T=0: User places order → OrderPlaced event published
T=5ms: Event reaches Kafka
T=50ms: Analytics consumer processes event → dashboard updated
T=200ms: Search consumer processes event → Elasticsearch updated
Between T=0 and T=200ms, searching for the order returns nothing.Mitigation:
- Accept the delay (most systems can tolerate 100ms–1s of staleness)
- Return the write result directly to the user (read-your-writes on the write path)
- Use causal consistency tokens for critical read-after-write scenarios
Schema Evolution
Events are immutable — you can’t change old events. But your schema will evolve. A consumer written today must handle events written a year ago.
Version 1 (Jan 2025): OrderPlaced { orderId, userId, total }
Version 2 (Jun 2025): OrderPlaced { orderId, userId, total, currency, discountCode }
Consumers must handle both versions.Strategies:
| Strategy | How | Trade-off |
|---|---|---|
| Additive-only changes | Only add new optional fields; never remove or rename | Safest; limits schema flexibility |
| Schema registry (Confluent) | Enforce compatibility rules (backward, forward, full) on Avro/Protobuf schemas | Requires infrastructure; enforces discipline |
| Upcasting | Consumer transforms old events to current schema on read | Logic lives in consumers; each consumer handles migration independently |
| Event versioning | OrderPlaced.v1, OrderPlaced.v2 — different event types | Explicit but proliferates event types |
Debugging Complexity
In a synchronous system, a stack trace shows the full call chain. In EDA, there is no call stack — events flow asynchronously through topics and consumer groups.

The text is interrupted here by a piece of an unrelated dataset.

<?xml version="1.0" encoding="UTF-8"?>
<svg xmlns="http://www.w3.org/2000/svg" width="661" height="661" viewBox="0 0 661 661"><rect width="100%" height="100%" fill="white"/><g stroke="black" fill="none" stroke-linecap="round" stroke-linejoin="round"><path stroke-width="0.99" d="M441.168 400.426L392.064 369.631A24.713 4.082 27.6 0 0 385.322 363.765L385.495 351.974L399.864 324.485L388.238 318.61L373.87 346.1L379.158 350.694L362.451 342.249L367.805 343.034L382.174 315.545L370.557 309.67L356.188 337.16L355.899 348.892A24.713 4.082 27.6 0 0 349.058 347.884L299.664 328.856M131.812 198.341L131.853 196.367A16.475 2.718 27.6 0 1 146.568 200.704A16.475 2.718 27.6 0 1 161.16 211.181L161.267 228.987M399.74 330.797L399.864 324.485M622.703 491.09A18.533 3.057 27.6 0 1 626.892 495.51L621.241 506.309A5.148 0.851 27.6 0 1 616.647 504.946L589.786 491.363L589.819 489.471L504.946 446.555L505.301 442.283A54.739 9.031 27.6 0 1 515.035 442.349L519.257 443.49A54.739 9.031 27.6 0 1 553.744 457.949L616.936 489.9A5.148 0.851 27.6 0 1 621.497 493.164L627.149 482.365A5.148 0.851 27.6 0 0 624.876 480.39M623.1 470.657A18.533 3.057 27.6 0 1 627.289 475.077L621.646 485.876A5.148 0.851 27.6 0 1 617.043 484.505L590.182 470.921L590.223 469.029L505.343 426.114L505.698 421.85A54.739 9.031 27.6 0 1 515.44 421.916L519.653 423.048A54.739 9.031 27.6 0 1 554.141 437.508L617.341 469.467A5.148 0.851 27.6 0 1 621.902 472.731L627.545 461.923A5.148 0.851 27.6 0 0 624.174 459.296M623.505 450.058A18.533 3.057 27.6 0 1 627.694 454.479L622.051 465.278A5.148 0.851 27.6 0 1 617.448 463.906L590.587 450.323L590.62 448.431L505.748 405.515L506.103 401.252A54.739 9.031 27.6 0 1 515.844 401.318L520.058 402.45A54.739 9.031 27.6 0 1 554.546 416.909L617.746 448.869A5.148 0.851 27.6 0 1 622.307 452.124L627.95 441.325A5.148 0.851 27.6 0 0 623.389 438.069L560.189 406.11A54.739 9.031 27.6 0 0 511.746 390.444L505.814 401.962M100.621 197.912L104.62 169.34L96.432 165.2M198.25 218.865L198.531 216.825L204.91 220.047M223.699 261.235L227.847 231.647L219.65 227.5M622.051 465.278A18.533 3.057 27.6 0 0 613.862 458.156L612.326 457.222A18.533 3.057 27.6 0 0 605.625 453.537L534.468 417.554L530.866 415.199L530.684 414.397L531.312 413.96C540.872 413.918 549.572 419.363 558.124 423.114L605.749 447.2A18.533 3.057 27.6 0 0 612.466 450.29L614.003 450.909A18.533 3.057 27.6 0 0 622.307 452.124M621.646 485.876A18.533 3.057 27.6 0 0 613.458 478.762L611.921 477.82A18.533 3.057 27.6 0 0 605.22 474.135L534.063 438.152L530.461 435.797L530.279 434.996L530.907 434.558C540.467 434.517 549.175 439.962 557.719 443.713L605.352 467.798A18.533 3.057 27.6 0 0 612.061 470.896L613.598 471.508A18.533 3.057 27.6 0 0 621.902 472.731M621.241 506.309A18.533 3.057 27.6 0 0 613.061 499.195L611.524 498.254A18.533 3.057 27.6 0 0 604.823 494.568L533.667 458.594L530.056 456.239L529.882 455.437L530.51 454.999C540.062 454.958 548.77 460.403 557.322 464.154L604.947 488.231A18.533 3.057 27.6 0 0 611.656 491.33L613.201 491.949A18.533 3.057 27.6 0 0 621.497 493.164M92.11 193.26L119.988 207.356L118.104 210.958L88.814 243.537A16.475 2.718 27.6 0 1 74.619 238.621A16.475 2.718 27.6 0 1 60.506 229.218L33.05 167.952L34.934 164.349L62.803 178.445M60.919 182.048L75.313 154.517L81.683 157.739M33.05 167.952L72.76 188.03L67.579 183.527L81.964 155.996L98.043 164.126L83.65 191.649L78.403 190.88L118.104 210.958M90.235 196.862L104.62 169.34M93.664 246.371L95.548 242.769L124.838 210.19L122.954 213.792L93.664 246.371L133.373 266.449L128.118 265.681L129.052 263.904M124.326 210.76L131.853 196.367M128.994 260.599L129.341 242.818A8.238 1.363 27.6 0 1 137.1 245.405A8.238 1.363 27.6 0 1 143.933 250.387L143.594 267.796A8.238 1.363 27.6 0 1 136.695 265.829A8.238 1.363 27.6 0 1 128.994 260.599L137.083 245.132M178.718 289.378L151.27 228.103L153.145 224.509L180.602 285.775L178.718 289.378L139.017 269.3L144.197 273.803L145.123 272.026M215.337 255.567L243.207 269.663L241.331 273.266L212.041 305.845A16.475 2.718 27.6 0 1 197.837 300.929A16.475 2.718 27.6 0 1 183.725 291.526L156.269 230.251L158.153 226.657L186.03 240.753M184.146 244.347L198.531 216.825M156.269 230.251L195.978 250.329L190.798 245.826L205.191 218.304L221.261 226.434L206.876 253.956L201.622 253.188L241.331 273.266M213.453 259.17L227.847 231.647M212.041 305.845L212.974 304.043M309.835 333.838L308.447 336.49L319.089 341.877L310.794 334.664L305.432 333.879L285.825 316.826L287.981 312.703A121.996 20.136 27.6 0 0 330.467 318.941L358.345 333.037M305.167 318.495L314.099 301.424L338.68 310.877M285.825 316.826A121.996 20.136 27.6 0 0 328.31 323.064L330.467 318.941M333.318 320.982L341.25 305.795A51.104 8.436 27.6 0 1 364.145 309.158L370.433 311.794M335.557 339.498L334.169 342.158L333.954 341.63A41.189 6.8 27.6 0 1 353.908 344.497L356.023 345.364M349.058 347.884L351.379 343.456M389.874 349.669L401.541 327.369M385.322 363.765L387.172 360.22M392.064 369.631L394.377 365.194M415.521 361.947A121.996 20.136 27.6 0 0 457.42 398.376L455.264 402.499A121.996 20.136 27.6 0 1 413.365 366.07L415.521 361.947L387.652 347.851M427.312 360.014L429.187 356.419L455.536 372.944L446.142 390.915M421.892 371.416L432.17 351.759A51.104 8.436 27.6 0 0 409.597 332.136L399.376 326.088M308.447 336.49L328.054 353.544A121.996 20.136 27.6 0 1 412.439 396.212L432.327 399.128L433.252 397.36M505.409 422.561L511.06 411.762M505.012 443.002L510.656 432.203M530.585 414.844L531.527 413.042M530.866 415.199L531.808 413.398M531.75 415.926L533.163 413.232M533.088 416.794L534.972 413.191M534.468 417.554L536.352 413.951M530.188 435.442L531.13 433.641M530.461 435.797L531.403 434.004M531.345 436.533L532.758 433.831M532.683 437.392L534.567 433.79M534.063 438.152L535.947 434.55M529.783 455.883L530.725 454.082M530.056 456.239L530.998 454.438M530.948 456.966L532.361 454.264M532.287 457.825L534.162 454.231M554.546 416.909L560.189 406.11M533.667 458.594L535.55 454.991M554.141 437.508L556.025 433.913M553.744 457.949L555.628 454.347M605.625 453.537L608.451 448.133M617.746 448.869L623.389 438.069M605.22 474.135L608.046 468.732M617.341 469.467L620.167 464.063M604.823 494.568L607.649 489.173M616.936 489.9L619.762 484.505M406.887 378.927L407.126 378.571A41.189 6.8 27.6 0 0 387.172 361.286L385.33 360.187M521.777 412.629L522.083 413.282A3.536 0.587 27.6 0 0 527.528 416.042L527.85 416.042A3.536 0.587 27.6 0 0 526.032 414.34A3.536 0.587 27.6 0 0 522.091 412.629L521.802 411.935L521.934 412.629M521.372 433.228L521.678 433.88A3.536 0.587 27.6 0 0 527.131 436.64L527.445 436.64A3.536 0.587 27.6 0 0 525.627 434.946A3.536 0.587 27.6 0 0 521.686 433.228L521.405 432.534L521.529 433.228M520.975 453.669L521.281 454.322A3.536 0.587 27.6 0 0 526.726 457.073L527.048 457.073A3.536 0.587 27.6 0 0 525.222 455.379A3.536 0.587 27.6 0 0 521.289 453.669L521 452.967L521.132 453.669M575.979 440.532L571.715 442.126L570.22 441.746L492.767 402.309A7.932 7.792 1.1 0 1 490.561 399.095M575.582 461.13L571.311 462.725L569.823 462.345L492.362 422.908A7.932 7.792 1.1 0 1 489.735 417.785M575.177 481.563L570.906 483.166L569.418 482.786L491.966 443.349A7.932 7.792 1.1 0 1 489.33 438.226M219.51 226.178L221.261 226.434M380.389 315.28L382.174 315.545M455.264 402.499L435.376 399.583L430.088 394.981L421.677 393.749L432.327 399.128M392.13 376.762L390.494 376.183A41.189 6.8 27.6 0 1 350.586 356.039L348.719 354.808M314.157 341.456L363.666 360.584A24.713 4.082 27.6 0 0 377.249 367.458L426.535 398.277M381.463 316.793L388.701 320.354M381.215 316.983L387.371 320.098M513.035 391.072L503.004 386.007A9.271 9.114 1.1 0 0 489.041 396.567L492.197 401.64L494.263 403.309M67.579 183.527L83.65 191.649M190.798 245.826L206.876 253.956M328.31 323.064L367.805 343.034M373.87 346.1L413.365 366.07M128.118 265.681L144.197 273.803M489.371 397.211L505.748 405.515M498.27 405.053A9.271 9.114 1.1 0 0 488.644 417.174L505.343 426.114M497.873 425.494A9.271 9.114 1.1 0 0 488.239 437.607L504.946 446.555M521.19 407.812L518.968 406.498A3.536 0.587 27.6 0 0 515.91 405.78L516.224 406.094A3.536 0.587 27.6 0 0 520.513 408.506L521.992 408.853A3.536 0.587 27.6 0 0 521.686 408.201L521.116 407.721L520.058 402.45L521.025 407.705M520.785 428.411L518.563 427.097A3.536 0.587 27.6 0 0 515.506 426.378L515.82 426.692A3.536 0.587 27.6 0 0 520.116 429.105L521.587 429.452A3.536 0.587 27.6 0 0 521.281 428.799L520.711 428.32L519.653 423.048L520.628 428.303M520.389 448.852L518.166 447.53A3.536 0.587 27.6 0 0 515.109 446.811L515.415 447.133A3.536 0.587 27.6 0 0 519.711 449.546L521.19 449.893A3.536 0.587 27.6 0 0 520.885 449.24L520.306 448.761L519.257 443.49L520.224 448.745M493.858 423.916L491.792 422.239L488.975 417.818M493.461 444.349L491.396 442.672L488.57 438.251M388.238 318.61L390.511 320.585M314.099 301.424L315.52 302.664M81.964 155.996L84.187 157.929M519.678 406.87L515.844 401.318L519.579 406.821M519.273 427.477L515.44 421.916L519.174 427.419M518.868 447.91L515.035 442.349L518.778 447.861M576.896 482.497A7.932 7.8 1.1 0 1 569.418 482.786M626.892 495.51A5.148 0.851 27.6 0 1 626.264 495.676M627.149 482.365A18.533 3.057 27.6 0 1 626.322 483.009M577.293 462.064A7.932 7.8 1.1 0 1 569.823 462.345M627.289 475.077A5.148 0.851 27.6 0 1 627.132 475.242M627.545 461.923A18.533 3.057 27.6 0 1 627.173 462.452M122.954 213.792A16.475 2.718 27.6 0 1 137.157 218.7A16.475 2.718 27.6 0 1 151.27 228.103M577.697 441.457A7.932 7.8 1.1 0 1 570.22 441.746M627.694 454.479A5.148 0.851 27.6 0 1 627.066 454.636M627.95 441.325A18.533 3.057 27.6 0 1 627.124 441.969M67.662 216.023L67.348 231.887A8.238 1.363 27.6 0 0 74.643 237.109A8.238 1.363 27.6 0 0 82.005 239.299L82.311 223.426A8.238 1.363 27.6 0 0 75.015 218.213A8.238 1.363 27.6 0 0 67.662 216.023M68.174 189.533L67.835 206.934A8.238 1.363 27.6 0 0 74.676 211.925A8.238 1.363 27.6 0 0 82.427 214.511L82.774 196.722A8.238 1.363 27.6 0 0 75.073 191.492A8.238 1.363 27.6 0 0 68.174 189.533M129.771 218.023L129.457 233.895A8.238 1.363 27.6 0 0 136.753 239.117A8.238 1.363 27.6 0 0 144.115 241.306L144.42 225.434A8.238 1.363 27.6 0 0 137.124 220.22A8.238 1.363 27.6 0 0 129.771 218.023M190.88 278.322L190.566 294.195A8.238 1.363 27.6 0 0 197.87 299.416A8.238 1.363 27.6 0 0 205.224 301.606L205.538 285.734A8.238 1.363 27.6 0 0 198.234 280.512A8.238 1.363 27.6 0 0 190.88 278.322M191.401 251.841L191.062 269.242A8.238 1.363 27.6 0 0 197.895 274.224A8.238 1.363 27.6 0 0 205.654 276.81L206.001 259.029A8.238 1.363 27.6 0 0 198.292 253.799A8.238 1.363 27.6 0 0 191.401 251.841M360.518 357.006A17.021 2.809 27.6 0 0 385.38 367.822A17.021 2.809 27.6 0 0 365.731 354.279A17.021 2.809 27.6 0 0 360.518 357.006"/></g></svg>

Synchronous: Order → Payment → Inventory → Shipping
One stack trace shows the entire flow. One log correlation ID.
Event-driven: OrderPlaced → (Kafka) → PaymentCharged → (Kafka) → InventoryReserved → (Kafka) → ...
Each step is a separate process. No shared stack trace.
Must correlate via traceId/correlationId in event metadata.Mitigation:
- Correlation ID: Every event carries a
correlationId(set by the initial request) and acausationId(the event that caused this one). Distributed tracing tools (Jaeger, Zipkin) visualize the full flow. - Event catalog: A central registry documenting every event type, its schema, producers, and consumers. Without this, large EDA systems become opaque.
- Dead Letter Queues: Events that fail processing N times go to a DLQ for inspection rather than blocking the consumer.
Ordering Across Topics
Events within a single Kafka partition are ordered, but events across different topics are not. If OrderPlaced and PaymentCharged are on separate topics, a consumer may see PaymentCharged before OrderPlaced.
Mitigation:
- Put causally related events on the same topic + partition key
- Use timestamps or sequence numbers to reorder at the consumer
- Design consumers to handle out-of-order events (buffer and wait, or process idempotently)
EDA Patterns Summary
| Pattern | When | How |
|---|---|---|
| Simple pub/sub | Loose fan-out notification | Producer → Topic → N consumers |
| Event sourcing + CQRS | Full audit trail, temporal queries, separate read/write optimization | Event store → projections → read models |
| Saga (choreography) | Cross-service coordination without orchestrator | Services react to each other’s events |
| Saga (orchestration) | Complex multi-step workflows | Orchestrator sends commands, receives events |
| Event notification | “Something happened, look it up yourself” | Thin event (just ID + type), consumer fetches details via API |
| Event-carried state transfer | Consumer needs the data, not just a notification | Fat event (full entity payload), consumer doesn’t need to call back |
Interview framing: “I’d design this as an event-driven system. The Order Service publishes OrderPlaced to Kafka — that’s an immutable fact, not a command. Payment, Inventory, and Notifications each subscribe independently as separate consumer groups. This gives us loose coupling: adding Fraud Detection next quarter requires zero changes to the Order Service. The trade-off is eventual consistency — the search index may be a few hundred milliseconds behind — which is acceptable for this use case. Events carry a correlationId for distributed tracing across the async flow.”